El viento frío le cortaba el pecho y rugía en sus oídos. Su padre echaba humo en silencio mientras cruzaban el aparcamiento hasta donde el resto de la familia les aguardaba en el coche. Hunter intentó no toser; con eso solo provocaría más rabia. Llevaba años sin sentir una tensión como esa en los pulmones. Abrió la puerta y se sentó detrás del asiento del conductor.
La mirada de su madre pasó de Hunter a su padre y de nuevo al muchacho, para medir sus expresiones. Se aclaró la garganta.
—Cody, ¿puedes ir al maletero a buscar mi bufanda, por favor?
Ya estábamos. Siempre les resultaba más sencillo gritarle a Hunter cuando podían fingir que era el único que les oía. Su hermano pequeño se desabrochó el cinturón y salió del coche; solo dudó un momento antes de cerrar la puerta con un empujón.
Oyeron el chasquido del maletero, el rechinar al abrirse.
Su padre se dio la vuelta en el asiento.
—¿Has robado ese dinero?
Hunter se apartó y su madre ahogó un grito.
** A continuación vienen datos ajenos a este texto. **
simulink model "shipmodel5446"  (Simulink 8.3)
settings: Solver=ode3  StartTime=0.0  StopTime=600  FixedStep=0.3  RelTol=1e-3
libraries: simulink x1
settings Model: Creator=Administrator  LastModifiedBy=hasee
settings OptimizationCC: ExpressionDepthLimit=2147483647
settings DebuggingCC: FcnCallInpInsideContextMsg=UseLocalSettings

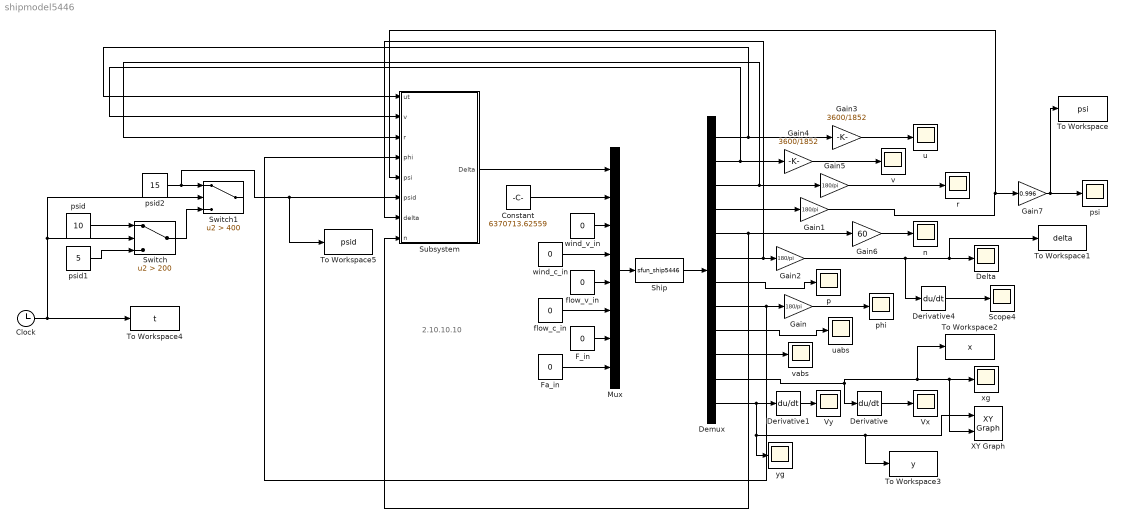
== system shipmodel5446 ==
  note: 2.10.10.10
  Clock : Clock
  Constant : Constant  Value=6370713.62559
  Delta : Scope
      settings: TickLabels=on  TimeRange=600  YMin=-2.5  YMax=25  SaveName=ScopeData5
  Demux : Demux  Outputs=12
  Derivative : Derivative
  Derivative1 : Derivative
  Derivative4 : Derivative
  F_in : Constant  Value=0
  Fa_in : Constant  Value=0
  Gain{,1..2,5} (4 alike) : Gain  Gain=180/pi
  Gain3 : Gain  Gain=3600/1852
  Gain4 : Gain  Gain=3600/1852
  Gain6 : Gain  Gain=60
  Gain7 : Gain  Gain=0.996
  Mux : Mux  Inputs=8
  Scope4 : Scope
      settings: YMin=-3  YMax=3  SaveName=ScopeData18
  Ship : S-Function  FunctionName=sfun_ship5446  EnableBusSupport=off
  Subsystem : Subsystem
  Switch : Switch  Criteria=u2 > Threshold  Threshold=200
  Switch1 : Switch  Criteria=u2 > Threshold  Threshold=400
  To Workspace : ToWorkspace  VariableName=psi  SampleTime=-1
  To Workspace1 : ToWorkspace  VariableName=delta  SampleTime=-1
  To Workspace2 : ToWorkspace  VariableName=x  SampleTime=-1
  To Workspace3 : ToWorkspace  VariableName=y  SampleTime=-1
  To Workspace4 : ToWorkspace  VariableName=t  SampleTime=-1
  To Workspace5 : ToWorkspace  VariableName=psid  SampleTime=-1
  Vx : Scope
      settings: TickLabels=on  SaveName=ScopeData8
  Vy : Scope
      settings: TickLabels=on  SaveName=ScopeData9
  XY Graph : simulink/Sinks/XY Graph  xmin=-2000  xmax=2000  ymin=-200  ymax=4500  st=-1
  flow_c_in : Constant  Value=0
  flow_v_in : Constant  Value=0
  n : Scope
      settings: TickLabels=on  YMin=99.475  YMax=99.8  SaveName=ScopeData4
  p : Scope
      settings: TickLabels=on  SaveName=ScopeData10
  phi : Scope
      settings: YMin=-0.175  YMax=0.125  SaveName=ScopeData11
  psi : Scope
      settings: TickLabels=on  TimeRange=600  YMin=0  YMax=16  SaveName=ScopeData3
  psid : Constant  Value=10
  psid1 : Constant  Value=5
  psid2 : Constant  Value=15
  r : Scope
      settings: TickLabels=on  SaveName=ScopeData2
  u : Scope
      settings: TickLabels=on  YMin=27.45  YMax=28.35
  uabs : Scope
      settings: TickLabels=on  YMin=10.75  YMax=15  SaveName=ScopeData6
  v : Scope
      settings: TickLabels=on  YMin=-0.0975  YMax=-0.055
  vabs : Scope
      settings: TickLabels=on  YMin=-1.75  YMax=0  SaveName=ScopeData7
  wind_c_in : Constant  Value=0
  wind_v_in : Constant  Value=0
  xg : Scope
      settings: TickLabels=on  YMin=250  YMax=475  SaveName=ScopeData12
  yg : Scope
      settings: TickLabels=on  YMin=250  YMax=475  SaveName=ScopeData13
  wires:
  Ship/1 -> Demux/1
  Demux/1 -> Subsystem/1(ut), Gain3/1
  Demux/2 -> Subsystem/2(v), Gain4/1
  Demux/5 -> Subsystem/8(n), Gain6/1
  Demux/6 -> Subsystem/7(delta), Gain2/1
  Demux/7 -> p/1
  Demux/8 -> Subsystem/4(phi), Gain/1
  Gain1/1 -> Subsystem/5(psi), Gain7/1
  Gain/1 -> phi/1
  Gain2/1 -> Derivative4/1, Delta/1, To Workspace1/1
  Gain3/1 -> u/1
  Gain4/1 -> v/1
  Gain5/1 -> r/1
  Gain6/1 -> n/1
  Demux/9 -> uabs/1
  Demux/10 -> vabs/1
  Demux/12 -> Derivative1/1, yg/1, XY Graph/1, To Workspace3/1
  Demux/11 -> Derivative/1, xg/1, XY Graph/2, To Workspace2/1
  Derivative/1 -> Vx/1
  Derivative1/1 -> Vy/1
  wind_v_in/1 -> Mux/3
  wind_c_in/1 -> Mux/4
  flow_v_in/1 -> Mux/5
  F_in/1 -> Mux/7
  Fa_in/1 -> Mux/8
  flow_c_in/1 -> Mux/6
  Mux/1 -> Ship/1
  Constant/1 -> Mux/2
  Derivative4/1 -> Scope4/1
  Demux/4 -> Gain1/1
  Demux/3 -> Subsystem/3(r), Gain5/1
  Subsystem/1(Delta) -> Mux/1
  Clock/1 -> Switch1/2, Switch/2, To Workspace4/1
  psid/1 -> Switch/1
  psid1/1 -> Switch/3
  Switch/1 -> Switch1/3
  psid2/1 -> To Workspace5/1, Subsystem/6(psid), Switch1/1
  Gain7/1 -> psi/1, To Workspace/1

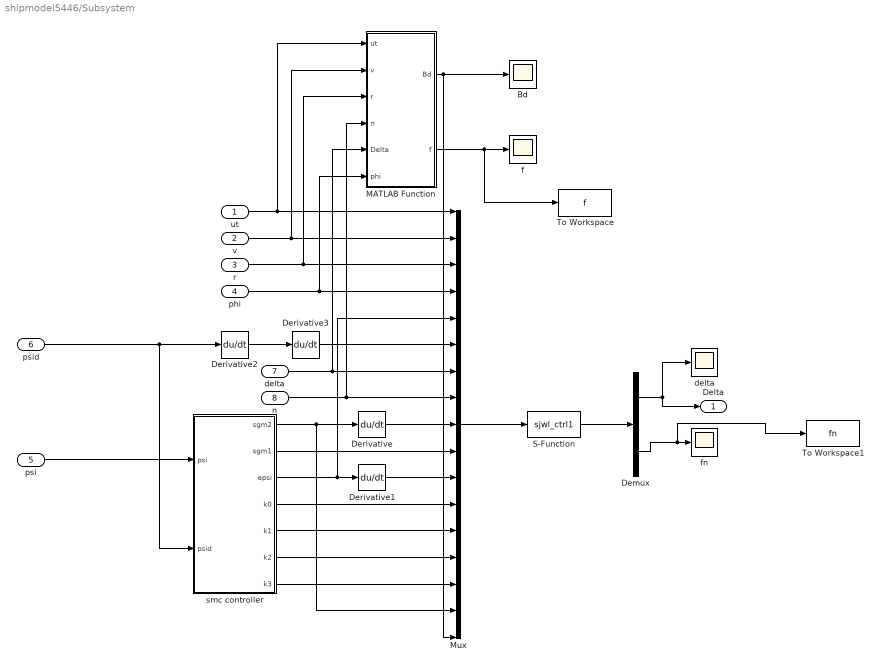
== system shipmodel5446/Subsystem ==
  ut : Inport
  v : Inport  Port=2
  r : Inport  Port=3
  phi : Inport  Port=4
  psi : Inport  Port=5
  psid : Inport  Port=6
  delta : Inport  Port=7
  n : Inport  Port=8
  Bd : Scope
      settings: TickLabels=on  TimeRange=1500  YMin=0.0045  YMax=0.0125  SaveName=ScopeData16
  Demux : Demux  Outputs=2
  Derivative{,1..3} (4 alike) : Derivative
  MATLAB Function : MATLAB Function  TreatAsAtomicUnit=on
  Mux : Mux  Inputs=17
  S-Function : S-Function  FunctionName=sjwl_ctrl1  EnableBusSupport=off
  To Workspace : ToWorkspace  VariableName=f  SampleTime=-1
  To Workspace1 : ToWorkspace  VariableName=fn  SampleTime=-1
  "delta  " : Scope
      settings: TickLabels=on  TimeRange=1500  YMin=-0.25  YMax=-0.235  SaveName=ScopeData14
  f : Scope
      settings: TickLabels=on  TimeRange=600  YMin=-0.0009  YMax=0.0001  SaveName=ScopeData17
  fn : Scope
      settings: TickLabels=on  TimeRange=600  YMin=6.64e-06  YMax=6.83e-06  SaveName=ScopeData15
  smc controller : Subsystem
  Delta : Outport
  wires:
  psi/1 -> smc controller/1(psi)
  psid/1 -> smc controller/2(psid), Derivative2/1
  ut/1 -> MATLAB Function/1(ut), Mux/1
  v/1 -> MATLAB Function/2(v), Mux/2
  r/1 -> MATLAB Function/3(r), Mux/3
  phi/1 -> MATLAB Function/6(phi), Mux/4
  delta/1 -> MATLAB Function/5(Delta), Mux/7
  Mux/1 -> S-Function/1
  S-Function/1 -> Demux/1
  Demux/1 -> Delta/1, "delta  "/1
  Demux/2 -> To Workspace1/1, fn/1
  smc controller/1(sgm2) -> Mux/16, Derivative/1
  smc controller/7(k3) -> Mux/15
  smc controller/6(k2) -> Mux/14
  smc controller/5(k1) -> Mux/13
  smc controller/4(k0) -> Mux/12
  Derivative/1 -> Mux/9
  Derivative1/1 -> Mux/11
  smc controller/3(epsi) -> Derivative1/1, Mux/5
  smc controller/2(sgm1) -> Mux/10
  n/1 -> MATLAB Function/4(n), Mux/8
  Derivative2/1 -> Derivative3/1
  Derivative3/1 -> Mux/6
  MATLAB Function/1(Bd) -> Mux/17, Bd/1
  MATLAB Function/2(f) -> To Workspace/1, f/1

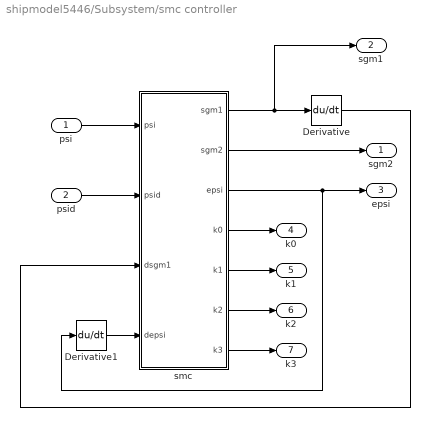
== system shipmodel5446/Subsystem/smc controller ==
  psi : Inport
  psid : Inport  Port=2
  Derivative : Derivative
  Derivative1 : Derivative
  "smc " : MATLAB Function  TreatAsAtomicUnit=on
  sgm2 : Outport
  sgm1 : Outport  Port=2
  epsi : Outport  Port=3
  k0 : Outport  Port=4
  k1 : Outport  Port=5
  k2 : Outport  Port=6
  k3 : Outport  Port=7
  wires:
  "smc "/1(sgm1) -> sgm1/1, Derivative/1
  Derivative/1 -> "smc "/3(dsgm1)
  psi/1 -> "smc "/1(psi)
  psid/1 -> "smc "/2(psid)
  "smc "/2(sgm2) -> sgm2/1
  "smc "/3(epsi) -> Derivative1/1, epsi/1
  Derivative1/1 -> "smc "/4(depsi)
  "smc "/4(k0) -> k0/1
  "smc "/5(k1) -> k1/1
  "smc "/6(k2) -> k2/1
  "smc "/7(k3) -> k3/1

== matlab function Subsystem/smc controller/smc  ==
  data: psi input double; psid input double; dsgm1 input double; sgm1 output double; sgm2 output double; epsi output double; depsi input double; k0 output double; k1 output double; k2 output double; k3 output double
function [sgm1,sgm2,epsi,k0,k1,k2,k3]= fcn(psi,psid,dsgm1,depsi)
%#codegen

% k0=0.04;k1=5;k2=0.03;k3=8;
% k0=0.1;k1=0.3;k2=0.1;k3=0.1;
%  k0=0.01;k1=8;k2=0.1;k3=10;
k0=0.04;k1=5;k2=0.1;k3=9;


epsi=psid-psi;

% k1=0.2;k3=1;m=3;
sgm1=k1*tanh(k0*epsi)+depsi;
sgm2=k3*tanh(k2*sgm1)+dsgm1;

% sgm1=k1*(epsi^(2*m-1))+depsi;
% sgm2=k3*(sgm1^(2*m-1))+dsgm1;

== matlab function Subsystem/MATLAB Function ==
  data: ut input double; v input double; r input double; n input double; Delta input double; phi input double; Bd output double; f output double
%%%%%%%%%%%%%%%%%%%%%%%%%%%%%%%%%%%%%%%%%%%%%%%%%%%%%%%%%%%%%
%%源自: 沈智鹏 著《船舶运动自适应滑模控制》 2019年科学出版社
%%下载地址www.shenbert.cn/book/shipmotionASMC.html
%%%%%%%%%%%%%%%%%%%%%%%%%%%%%%%%%%%%%%%%%%%%%%%%%%%%%%%%%%%%%%
function [Bd,f] = fcn(ut,v,r,n,Delta,phi)
V=sqrt(ut*ut+v*v);%u=x(1) v=x(2)
        da=10.5;%9.34+0.25;%尾吃水13.8;%12.5;%
	  df=7.5;%4.97+0.25;%首吃水14.3;%13.8;%
	  Dh=9.0;%舵高s   ;%11.411.4;;%+7.00+0.25
      pa=1.205;%%%**空气密度
      Lpp=267.0;%船长
	  B=39.8;%船宽
	  Db=6.466;%舵宽
      P=9.657;%da螺距
      luow=1026;%小luow是密度 水密度
      Dp=9.2;%螺旋桨直径
      Ds=23.6;%型深
      d=(da+df)/2;%吃水
      m=(165.89*d*d + 4383.9*d)*1000;%排水量
      Cb=m/(Lpp*B*d*1.025*1000);
      AR=(d-7.41)/(12.5-7.41)*(81.44-43.14)+43.14;%舵叶面积 
	  d_B=d/B;L_B=Lpp/B;
	  mx=m/100*(0.398+11.97*Cb*(1+3.73*d_B)-2.89*Cb*L_B*(1+1.13*d_B)+0.175*Cb*L_B*L_B*(1+0.541*d_B)-1.107*L_B*d_B); 
	  my=m*(0.882-0.54*Cb*(1-1.6*d_B)-0.156*L_B*(1-0.673*Cb)+0.826*d_B*L_B*(1-0.678*d_B)-0.638*Cb*d_B*L_B*(1-0.669*d_B)); 
      wp0=0.5*Cb-0.05;   
      fa=6.13*Dh/Db/(2.25+Dh/Db);
      gma=-22.2*(Cb*B/Lpp)*(Cb*B/Lpp)+0.02*(Cb*B/Lpp)+0.68; 
      gmaR=1.1633-1.98828*Cb+1.3902*Cb*Cb;
      tR=0.7382-0.0539*Cb+0.1755*Cb*Cb; 
      ifaH=0.6784-1.3374*Cb+1.8891*Cb*Cb;
	  xH=-(0.4+0.1*Cb)*Lpp;
      xR=-0.5*Lpp;
      xb=1.87;
	  Jzz=1/100.0*(33-76.85*Cb*(1-0.784*Cb)+3.43*L_B*(1-0.63*Cb))*Lpp*Lpp;
      Izz=(1.0+(Cb^4.5))*m*(Lpp*Lpp+power(B,2.4))/24.0;
      lmd=2.0*d/Lpp; 
      CbBL=Cb*B/Lpp;
      CbdB=(1-Cb)*d_B;
      tao=(da-df)/d;
      lg_mass=1/2.0*luow*Lpp*Lpp*d;
      Yv=-(pi/2.0*lmd+1.4*CbBL)*(1+(25.0*CbBL-2.25)*tao);
      Yr=((m+mx)/lg_mass-1.5*CbBL)*(1+(571*CbdB*CbdB-81*d*(1-Cb)/B+2.1)*tao);
      Yvrr=(-5.95*CbdB)*(1+(40*CbdB-2)*tao);
      Yvvr=(1.5*Cb*d_B-0.65)*(1+(110*CbdB-9.7)*tao);
      Nv=-lmd*(1.0-tao);
      Nr=-(0.54*lmd-lmd*lmd)*(1+(34*CbBL-3.4)*tao);
      Nvv=0.5*luow*Lpp*Lpp*d*(0.96*CbdB-0.066)*(1+(58*CbdB-5)*tao);
      Nrr=0.5*luow*Lpp*Lpp*Lpp*Lpp*d*(0.5*CbBL-0.09)*(1-(30*CbBL-2.6)*tao);
      Nvrr=(0.5*CbBL-0.05)*(1+(48*(CbBL^2)-16*CbBL+1.3)*100*tao);
      Nvvr=(-57.5*(CbBL^2)+18.4*CbBL-1.6)*(1+(3*CbBL-1)*tao);
      Nv1=0.5*luow*Lpp*Lpp*d*V*Nv;
      Nr1=0.5*luow*Lpp*Lpp*Lpp*d*V*Nr;
      Nvrr1=0.5*luow*Lpp*Lpp*Lpp*Lpp*d/V*Nvrr;
      Nvvr1=0.5*luow*Lpp*Lpp*Lpp*d/V*Nvvr;
    Yv1=0.5*luow*Lpp*d*V*Yv;	  
    Yr1=0.5*luow*Lpp*Lpp*d*V*Yr;   
    Yvrr1=0.5*luow*Lpp*Lpp*Lpp*d/V*Yvrr;
    Yvvr1=0.5*luow*Lpp*Lpp*d/V*Yvvr;
    Yvv=0.5*luow*Lpp*d*((-2.5*(1-Cb)*B/(d-0.5))*(1-(35.7*CbBL-2.5)*tao));
    Yrr=0.5*luow*Lpp*Lpp*Lpp*d*((0.343*Cb*d_B-0.07)*(1+(45*CbBL-8.1)*tao));
    Nphi=1/2.0*luow*Lpp*d*V*V*(-0.008);
    Nvphi=1/2.0*luow*Lpp*d*V*(1.72*Nv);
    Nrphi=1/2.0*luow*Lpp*d*V*V*(-2.6*Nr);
    
    m33=Izz+Jzz;


     beta=atan2((-v),(ut));%u=x(1) v=x(2)
	 betap=beta+0.5*r*Lpp/V;%r=x(3) 
     betaR=beta+r*Lpp/V;
     wp=wp0*exp(-4.0*betap*betap);
    up=(1.0-wp)*ut;%u=x(1)
    s=1.0-up/n/P;% n=x(5)
    eta=Dp/Dh;

    k=0.6;
    Gs=eta*k*(2.0-(2.0-k)*s)*s/(1.0-s)/(1.0-s); 
    s0=1-(1-wp0)*ut/n/P;% n=x(5)u=x(1)
    delt0=-s0/57.3;
    
    if(Delta<0)  
        K=1.065;
    else
        K=0.935;
    end
   
    uR=up*(1+K*Gs)^0.5; 
    vRp=uR*delt0;
    vR=vRp-gmaR*(v-Lpp*r);%r=x(3)v=x(2)
    UR2=uR*uR+vR*vR;
    J=ut*(1-wp)/n/Dp;%u=x(1)  n=x(5)
    if(J<=0.3)
        L_ifaH=ifaH*J/0.3;% p137, 3-5-119   
    else
        L_ifaH=ifaH;
    end

Bd=(-1.0/2.0)*(xR+L_ifaH*xH)*luow*AR*fa*UR2*cos(Delta)/(m33);
xC=xb;
YH=Yv1*v+Yr1*r+Yvv*abs(v)*v+Yrr*abs(r)*r+Yvvr1*v*v*r+Yvrr1*v*r*r;
L_NH0=Nv1*v+Nr1*r+Nvv*abs(v)*v+Nrr*abs(r)*r+Nvvr1*v*v*r+Nvrr1*v*r*r;
L_NH1=Nphi*phi+Nvphi*v*abs(phi)+Nrphi*r*abs(phi);
NH=L_NH0+L_NH1;
f=(NH-YH*xC)/(m33);

—No —replicó—, ¡claro que no!
—Hemos venido aquí para homenajear a tu madre —siseó el hombre—. Se suponía que iba a ser un buen día. ¿Y qué has hecho? Nos has humillado.
—Te juro que no lo he robado. Me lo dieron… Quiero decir… Lo encontré.
No lo creyeron, cómo no. Sus padres se enzarzaron en su diatriba mordaz habitual y, a medida que alzaban la voz, Hunter se hundió para dentro y su respiración se calmó. Redujo el alcance de su concentración. Se trasladó a la tensión de la cuerda de un arco, a los músculos moviendo la flecha.
Así (fingir que se hallaba a solas en ese lugar, con solo los árboles y el cielo y su arco y las flechas) era la única forma que tenía de tranquilizarse.
Un golpe les sacó a los tres del momento. Su padre abrió la puerta.
—Cody, ¿por qué tardas tanto?
—Lo siento —les llegó su vocecita, lejana y amortiguada—. Ya estoy.
Una neblina de silencio, densa e incómoda, se acomodó entre ellos y se quedó. Cody regresó a su asiento y tiró la bufanda de punto por encima de la consola central hasta el regazo de su madre. A Hunter le pareció atisbar un resplandor en los dedos de su hermano, pero Cody sacudió las manos y no hubo nada más que ver.
Su padre dio marcha atrás y giró con brusquedad el volante, como si la familia al completo necesitara un recordatorio de su rabia.
—David —empezó su madre—, deberías reducir…
El coche dio una sacudida. Todos miraron hacia el punto de colisión. Procedía de la parte trasera.
A través de los dos cristales, Hunter fijó su mirada en los ojos de la chica de los acuarios. De la fiesta. Unos mechones de pelo se habían liberado de su coleta y le caían sobre la cara. No parpadeó.
Su madre gruñó, consternada.
Un hombre, seguramente el padre de la chica, se apeó del asiento del conductor en el otro coche. Frunció el ceño mientras examinaba la parte trasera de su vehículo y luego echó un vistazo rápido al maletero de la familia Yee.
El padre de Hunter bajó la ventanilla y sacó la cabeza al aire frío. Su semblante era impenetrable.
El hombre se encogió de hombros.
—No es nada.
Hunter vio que su padre metía la primera marcha y se alejaba sin mirar atrás. El maletero se abrió y oyeron un ruido como el mar; era el aire tirando y empujando la tapa.
—No he sido yo —se apresuró a decir Cody.
—Sé que no has sido tú —dijo su padre con los dientes apretados mientras aparcaba en el arcén de la carretera—. Se rompió ayer por la mañana. Hunter…
—Sí, ya voy.
Hunter bajó para dar un par de portazos en el maletero hasta que la tapa al fin se quedó encajada.
Estaban llegando a la casa cuando su madre habló de nuevo.
—Deberíamos habernos quedado.
—No tengo nada que decirle —replicó su padre.
—Pero por si su coche sí que ha sufrido daños…
—Sabe dónde está mi despacho.
Hunter oyó el suspiro largo y contenido de su madre.
—¿Por qué siempre es esa familia?
—¿Qué familia? —preguntó Cody.
—Los Chang —respondió ella, jugueteando con la bufanda.
Es decir: el doctor Chang, la némesis de su padre. Hunter parpadeó. Eso significaba que la chica de la coleta era Luna Chang.